MATERIAL FOR THIS TASK -
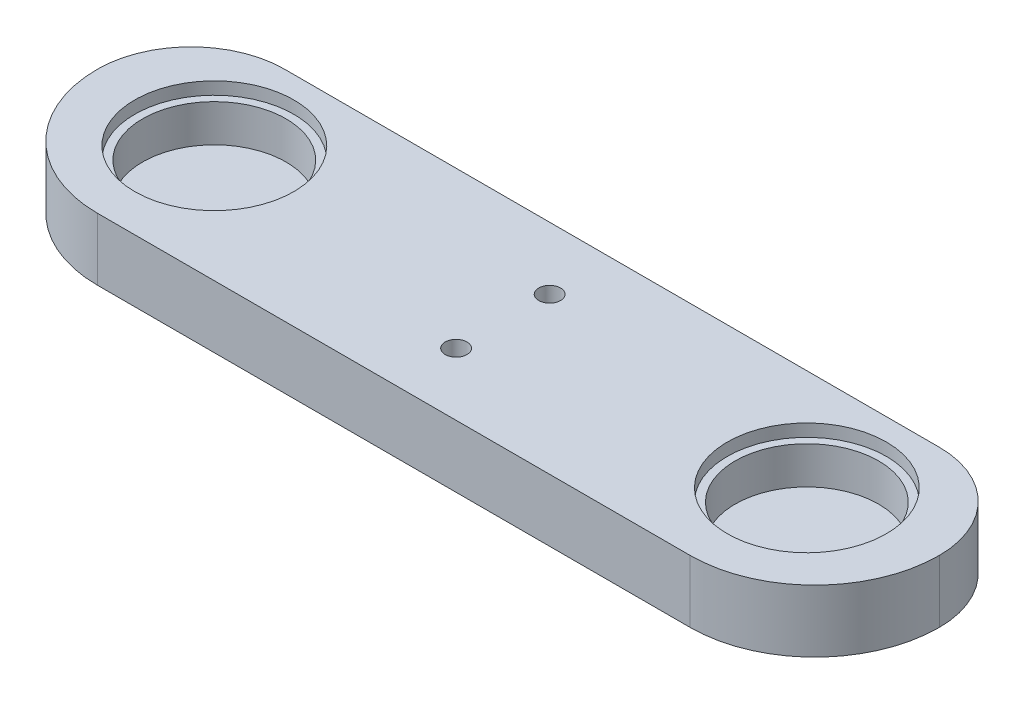
ISO-10303-21;
HEADER;
FILE_DESCRIPTION(('STEP AP214'),'2;1');
FILE_NAME('part.step','',(''),(''),'','','');
FILE_SCHEMA(('AUTOMOTIVE_DESIGN { 1 0 10303 214 1 1 1 1 }'));
ENDSEC;
DATA;
#1=APPLICATION_CONTEXT('core data for automotive mechanical design processes');
#2=APPLICATION_PROTOCOL_DEFINITION('international standard','automotive_design',2000,#1);
#3=PRODUCT_CONTEXT('',#1,'mechanical');
#4=PRODUCT('Part','Part','',(#3));
#5=PRODUCT_RELATED_PRODUCT_CATEGORY('part','',(#4));
#6=PRODUCT_DEFINITION_FORMATION('','',#4);
#7=PRODUCT_DEFINITION_CONTEXT('part definition',#1,'design');
#8=PRODUCT_DEFINITION('design','',#6,#7);
#9=PRODUCT_DEFINITION_SHAPE('','',#8);
#10=(LENGTH_UNIT() NAMED_UNIT(*) SI_UNIT(.MILLI.,.METRE.));
#11=(NAMED_UNIT(*) PLANE_ANGLE_UNIT() SI_UNIT($,.RADIAN.));
#12=(NAMED_UNIT(*) SI_UNIT($,.STERADIAN.) SOLID_ANGLE_UNIT());
#13=UNCERTAINTY_MEASURE_WITH_UNIT(LENGTH_MEASURE(1.E-05),#10,'distance_accuracy_value','');
#14=(GEOMETRIC_REPRESENTATION_CONTEXT(3) GLOBAL_UNCERTAINTY_ASSIGNED_CONTEXT((#13)) GLOBAL_UNIT_ASSIGNED_CONTEXT((#10,
#11,#12)) REPRESENTATION_CONTEXT('',''));
#15=CARTESIAN_POINT('',(0.,0.,0.));
#16=DIRECTION('',(0.,0.,1.));
#17=DIRECTION('',(1.,0.,0.));
#18=AXIS2_PLACEMENT_3D('',#15,#16,#17);
#19=CARTESIAN_POINT('',(19.7497982410927,-0.000999999999999265,15.6230701462917));
#20=DIRECTION('',(0.,1.,0.));
#21=DIRECTION('',(0.,0.,1.));
#22=AXIS2_PLACEMENT_3D('',#19,#20,#21);
#23=CYLINDRICAL_SURFACE('',#22,1.75);
#24=CARTESIAN_POINT('',(19.7497982410927,10.,15.6230701462917));
#25=DIRECTION('',(0.,1.,0.));
#26=DIRECTION('',(0.,0.,1.));
#27=AXIS2_PLACEMENT_3D('',#24,#25,#26);
#28=CIRCLE('',#27,1.75);
#29=CARTESIAN_POINT('',(19.7497982410927,10.,17.3730701462917));
#30=VERTEX_POINT('',#29);
#31=EDGE_CURVE('E133',#30,#30,#28,.T.);
#32=ORIENTED_EDGE('',*,*,#31,.T.);
#33=EDGE_LOOP('',(#32));
#34=FACE_BOUND('',#33,.T.);
#35=CARTESIAN_POINT('',(19.7497982410927,4.,15.6230701462917));
#36=DIRECTION('',(0.,-1.,0.));
#37=DIRECTION('',(0.,0.,-1.));
#38=AXIS2_PLACEMENT_3D('',#35,#36,#37);
#39=CIRCLE('',#38,1.75);
#40=CARTESIAN_POINT('',(19.7497982410927,4.,13.8730701462917));
#41=VERTEX_POINT('',#40);
#42=EDGE_CURVE('E129',#41,#41,#39,.F.);
#43=ORIENTED_EDGE('',*,*,#42,.F.);
#44=EDGE_LOOP('',(#43));
#45=FACE_BOUND('',#44,.T.);
#46=ADVANCED_FACE('F32',(#34,#45),#23,.F.);
#47=CARTESIAN_POINT('',(19.7497982410927,-0.000999999999999265,0.623070146291696));
#48=DIRECTION('',(0.,1.,0.));
#49=DIRECTION('',(0.,0.,1.));
#50=AXIS2_PLACEMENT_3D('',#47,#48,#49);
#51=CYLINDRICAL_SURFACE('',#50,1.75);
#52=CARTESIAN_POINT('',(19.7497982410927,10.,0.623070146291696));
#53=DIRECTION('',(0.,1.,0.));
#54=DIRECTION('',(0.,0.,1.));
#55=AXIS2_PLACEMENT_3D('',#52,#53,#54);
#56=CIRCLE('',#55,1.75);
#57=CARTESIAN_POINT('',(19.7497982410927,10.,2.37307014629169));
#58=VERTEX_POINT('',#57);
#59=EDGE_CURVE('E187',#58,#58,#56,.T.);
#60=ORIENTED_EDGE('',*,*,#59,.T.);
#61=EDGE_LOOP('',(#60));
#62=FACE_BOUND('',#61,.T.);
#63=CARTESIAN_POINT('',(19.7497982410927,4.,0.623070146291696));
#64=DIRECTION('',(0.,-1.,0.));
#65=DIRECTION('',(0.,0.,-1.));
#66=AXIS2_PLACEMENT_3D('',#63,#64,#65);
#67=CIRCLE('',#66,1.75);
#68=CARTESIAN_POINT('',(19.7497982410927,4.,-1.1269298537083));
#69=VERTEX_POINT('',#68);
#70=EDGE_CURVE('E126',#69,#69,#67,.F.);
#71=ORIENTED_EDGE('',*,*,#70,.F.);
#72=EDGE_LOOP('',(#71));
#73=FACE_BOUND('',#72,.T.);
#74=ADVANCED_FACE('F237',(#62,#73),#51,.F.);
#75=CARTESIAN_POINT('',(-47.7502017589073,10.,25.6230701462917));
#76=DIRECTION('',(0.,0.,-1.));
#77=DIRECTION('',(-1.,0.,0.));
#78=AXIS2_PLACEMENT_3D('',#75,#76,#77);
#79=PLANE('',#78);
#80=DIRECTION('',(1.,0.,0.));
#81=VECTOR('',#80,1.);
#82=CARTESIAN_POINT('',(-47.7502017589073,0.,25.6230701462917));
#83=LINE('',#82,#81);
#84=CARTESIAN_POINT('',(-27.7502017589073,0.,25.6230701462917));
#85=VERTEX_POINT('',#84);
#86=CARTESIAN_POINT('',(67.2497982410927,0.,25.6230701462917));
#87=VERTEX_POINT('',#86);
#88=EDGE_CURVE('E147',#85,#87,#83,.T.);
#89=ORIENTED_EDGE('',*,*,#88,.T.);
#90=DIRECTION('',(0.,-1.,0.));
#91=VECTOR('',#90,1.);
#92=CARTESIAN_POINT('',(67.2497982410927,10.,25.6230701462917));
#93=LINE('',#92,#91);
#94=CARTESIAN_POINT('',(67.2497982410927,10.,25.6230701462917));
#95=VERTEX_POINT('',#94);
#96=EDGE_CURVE('E102',#87,#95,#93,.F.);
#97=ORIENTED_EDGE('',*,*,#96,.T.);
#98=DIRECTION('',(1.,0.,0.));
#99=VECTOR('',#98,1.);
#100=CARTESIAN_POINT('',(-47.7502017589073,10.,25.6230701462917));
#101=LINE('',#100,#99);
#102=CARTESIAN_POINT('',(-27.7502017589073,10.,25.6230701462917));
#103=VERTEX_POINT('',#102);
#104=EDGE_CURVE('E111',#103,#95,#101,.T.);
#105=ORIENTED_EDGE('',*,*,#104,.F.);
#106=DIRECTION('',(0.,-1.,0.));
#107=VECTOR('',#106,1.);
#108=CARTESIAN_POINT('',(-27.7502017589073,10.,25.6230701462917));
#109=LINE('',#108,#107);
#110=EDGE_CURVE('E103',#103,#85,#109,.T.);
#111=ORIENTED_EDGE('',*,*,#110,.T.);
#112=EDGE_LOOP('',(#89,#97,#105,#111));
#113=FACE_BOUND('',#112,.T.);
#114=ADVANCED_FACE('F149',(#113),#79,.F.);
#115=CARTESIAN_POINT('',(-47.7502017589073,10.,-9.3769298537083));
#116=DIRECTION('',(0.,0.,1.));
#117=DIRECTION('',(1.,0.,0.));
#118=AXIS2_PLACEMENT_3D('',#115,#116,#117);
#119=PLANE('',#118);
#120=DIRECTION('',(-1.,0.,0.));
#121=VECTOR('',#120,1.);
#122=CARTESIAN_POINT('',(-47.7502017589073,10.,-9.3769298537083));
#123=LINE('',#122,#121);
#124=CARTESIAN_POINT('',(72.2497982410927,10.,-9.3769298537083));
#125=VERTEX_POINT('',#124);
#126=CARTESIAN_POINT('',(-32.7502017589073,10.,-9.3769298537083));
#127=VERTEX_POINT('',#126);
#128=EDGE_CURVE('E107',#125,#127,#123,.T.);
#129=ORIENTED_EDGE('',*,*,#128,.F.);
#130=DIRECTION('',(0.,-1.,0.));
#131=VECTOR('',#130,1.);
#132=CARTESIAN_POINT('',(72.2497982410927,10.,-9.3769298537083));
#133=LINE('',#132,#131);
#134=CARTESIAN_POINT('',(72.2497982410927,0.,-9.3769298537083));
#135=VERTEX_POINT('',#134);
#136=EDGE_CURVE('E135',#125,#135,#133,.T.);
#137=ORIENTED_EDGE('',*,*,#136,.T.);
#138=DIRECTION('',(-1.,0.,0.));
#139=VECTOR('',#138,1.);
#140=CARTESIAN_POINT('',(-47.7502017589073,0.,-9.3769298537083));
#141=LINE('',#140,#139);
#142=CARTESIAN_POINT('',(-32.7502017589073,0.,-9.3769298537083));
#143=VERTEX_POINT('',#142);
#144=EDGE_CURVE('E89',#135,#143,#141,.T.);
#145=ORIENTED_EDGE('',*,*,#144,.T.);
#146=DIRECTION('',(0.,-1.,0.));
#147=VECTOR('',#146,1.);
#148=CARTESIAN_POINT('',(-32.7502017589073,10.,-9.3769298537083));
#149=LINE('',#148,#147);
#150=EDGE_CURVE('E47',#143,#127,#149,.F.);
#151=ORIENTED_EDGE('',*,*,#150,.T.);
#152=EDGE_LOOP('',(#129,#137,#145,#151));
#153=FACE_BOUND('',#152,.T.);
#154=ADVANCED_FACE('F275',(#153),#119,.F.);
#155=CARTESIAN_POINT('',(0.,10.,0.));
#156=DIRECTION('',(0.,1.,0.));
#157=DIRECTION('',(0.,0.,1.));
#158=AXIS2_PLACEMENT_3D('',#155,#156,#157);
#159=PLANE('',#158);
#160=ORIENTED_EDGE('',*,*,#59,.F.);
#161=EDGE_LOOP('',(#160));
#162=FACE_BOUND('',#161,.T.);
#163=ORIENTED_EDGE('',*,*,#31,.F.);
#164=EDGE_LOOP('',(#163));
#165=FACE_BOUND('',#164,.T.);
#166=CARTESIAN_POINT('',(-27.7502017589073,10.,6.88629089006511));
#167=DIRECTION('',(0.,1.,0.));
#168=DIRECTION('',(0.,0.,1.));
#169=AXIS2_PLACEMENT_3D('',#166,#167,#168);
#170=CIRCLE('',#169,12.75);
#171=CARTESIAN_POINT('',(-27.7502017589073,10.,19.6362908900651));
#172=VERTEX_POINT('',#171);
#173=EDGE_CURVE('E156',#172,#172,#170,.T.);
#174=ORIENTED_EDGE('',*,*,#173,.F.);
#175=EDGE_LOOP('',(#174));
#176=FACE_BOUND('',#175,.T.);
#177=CARTESIAN_POINT('',(67.2497982410927,10.,6.88629089006511));
#178=DIRECTION('',(0.,1.,0.));
#179=DIRECTION('',(0.,0.,-1.));
#180=AXIS2_PLACEMENT_3D('',#177,#178,#179);
#181=CIRCLE('',#180,12.75);
#182=CARTESIAN_POINT('',(67.2497982410927,10.,-5.86370910993491));
#183=VERTEX_POINT('',#182);
#184=EDGE_CURVE('E152',#183,#183,#181,.T.);
#185=ORIENTED_EDGE('',*,*,#184,.F.);
#186=EDGE_LOOP('',(#185));
#187=FACE_BOUND('',#186,.T.);
#188=CARTESIAN_POINT('',(67.2497982410927,10.,5.6230701462917));
#189=DIRECTION('',(0.,1.,0.));
#190=DIRECTION('',(0.,0.,1.));
#191=AXIS2_PLACEMENT_3D('',#188,#189,#190);
#192=CIRCLE('',#191,20.);
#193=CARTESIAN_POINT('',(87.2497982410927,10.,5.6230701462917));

EXERCISE DIRECTIONS - From the material above, retype precisely the lines between the line holding "#5=PRODUCT_RELATED_PRODUCT_CATEGORY('part','',(#4));" and the line holding "#36=DIRECTION('',(0.,-1.,0.));", inclusive, and nothing beyond them.

EXERCISE ANSWER -
#5=PRODUCT_RELATED_PRODUCT_CATEGORY('part','',(#4));
#6=PRODUCT_DEFINITION_FORMATION('','',#4);
#7=PRODUCT_DEFINITION_CONTEXT('part definition',#1,'design');
#8=PRODUCT_DEFINITION('design','',#6,#7);
#9=PRODUCT_DEFINITION_SHAPE('','',#8);
#10=(LENGTH_UNIT() NAMED_UNIT(*) SI_UNIT(.MILLI.,.METRE.));
#11=(NAMED_UNIT(*) PLANE_ANGLE_UNIT() SI_UNIT($,.RADIAN.));
#12=(NAMED_UNIT(*) SI_UNIT($,.STERADIAN.) SOLID_ANGLE_UNIT());
#13=UNCERTAINTY_MEASURE_WITH_UNIT(LENGTH_MEASURE(1.E-05),#10,'distance_accuracy_value','');
#14=(GEOMETRIC_REPRESENTATION_CONTEXT(3) GLOBAL_UNCERTAINTY_ASSIGNED_CONTEXT((#13)) GLOBAL_UNIT_ASSIGNED_CONTEXT((#10,
#11,#12)) REPRESENTATION_CONTEXT('',''));
#15=CARTESIAN_POINT('',(0.,0.,0.));
#16=DIRECTION('',(0.,0.,1.));
#17=DIRECTION('',(1.,0.,0.));
#18=AXIS2_PLACEMENT_3D('',#15,#16,#17);
#19=CARTESIAN_POINT('',(19.7497982410927,-0.000999999999999265,15.6230701462917));
#20=DIRECTION('',(0.,1.,0.));
#21=DIRECTION('',(0.,0.,1.));
#22=AXIS2_PLACEMENT_3D('',#19,#20,#21);
#23=CYLINDRICAL_SURFACE('',#22,1.75);
#24=CARTESIAN_POINT('',(19.7497982410927,10.,15.6230701462917));
#25=DIRECTION('',(0.,1.,0.));
#26=DIRECTION('',(0.,0.,1.));
#27=AXIS2_PLACEMENT_3D('',#24,#25,#26);
#28=CIRCLE('',#27,1.75);
#29=CARTESIAN_POINT('',(19.7497982410927,10.,17.3730701462917));
#30=VERTEX_POINT('',#29);
#31=EDGE_CURVE('E133',#30,#30,#28,.T.);
#32=ORIENTED_EDGE('',*,*,#31,.T.);
#33=EDGE_LOOP('',(#32));
#34=FACE_BOUND('',#33,.T.);
#35=CARTESIAN_POINT('',(19.7497982410927,4.,15.6230701462917));
#36=DIRECTION('',(0.,-1.,0.));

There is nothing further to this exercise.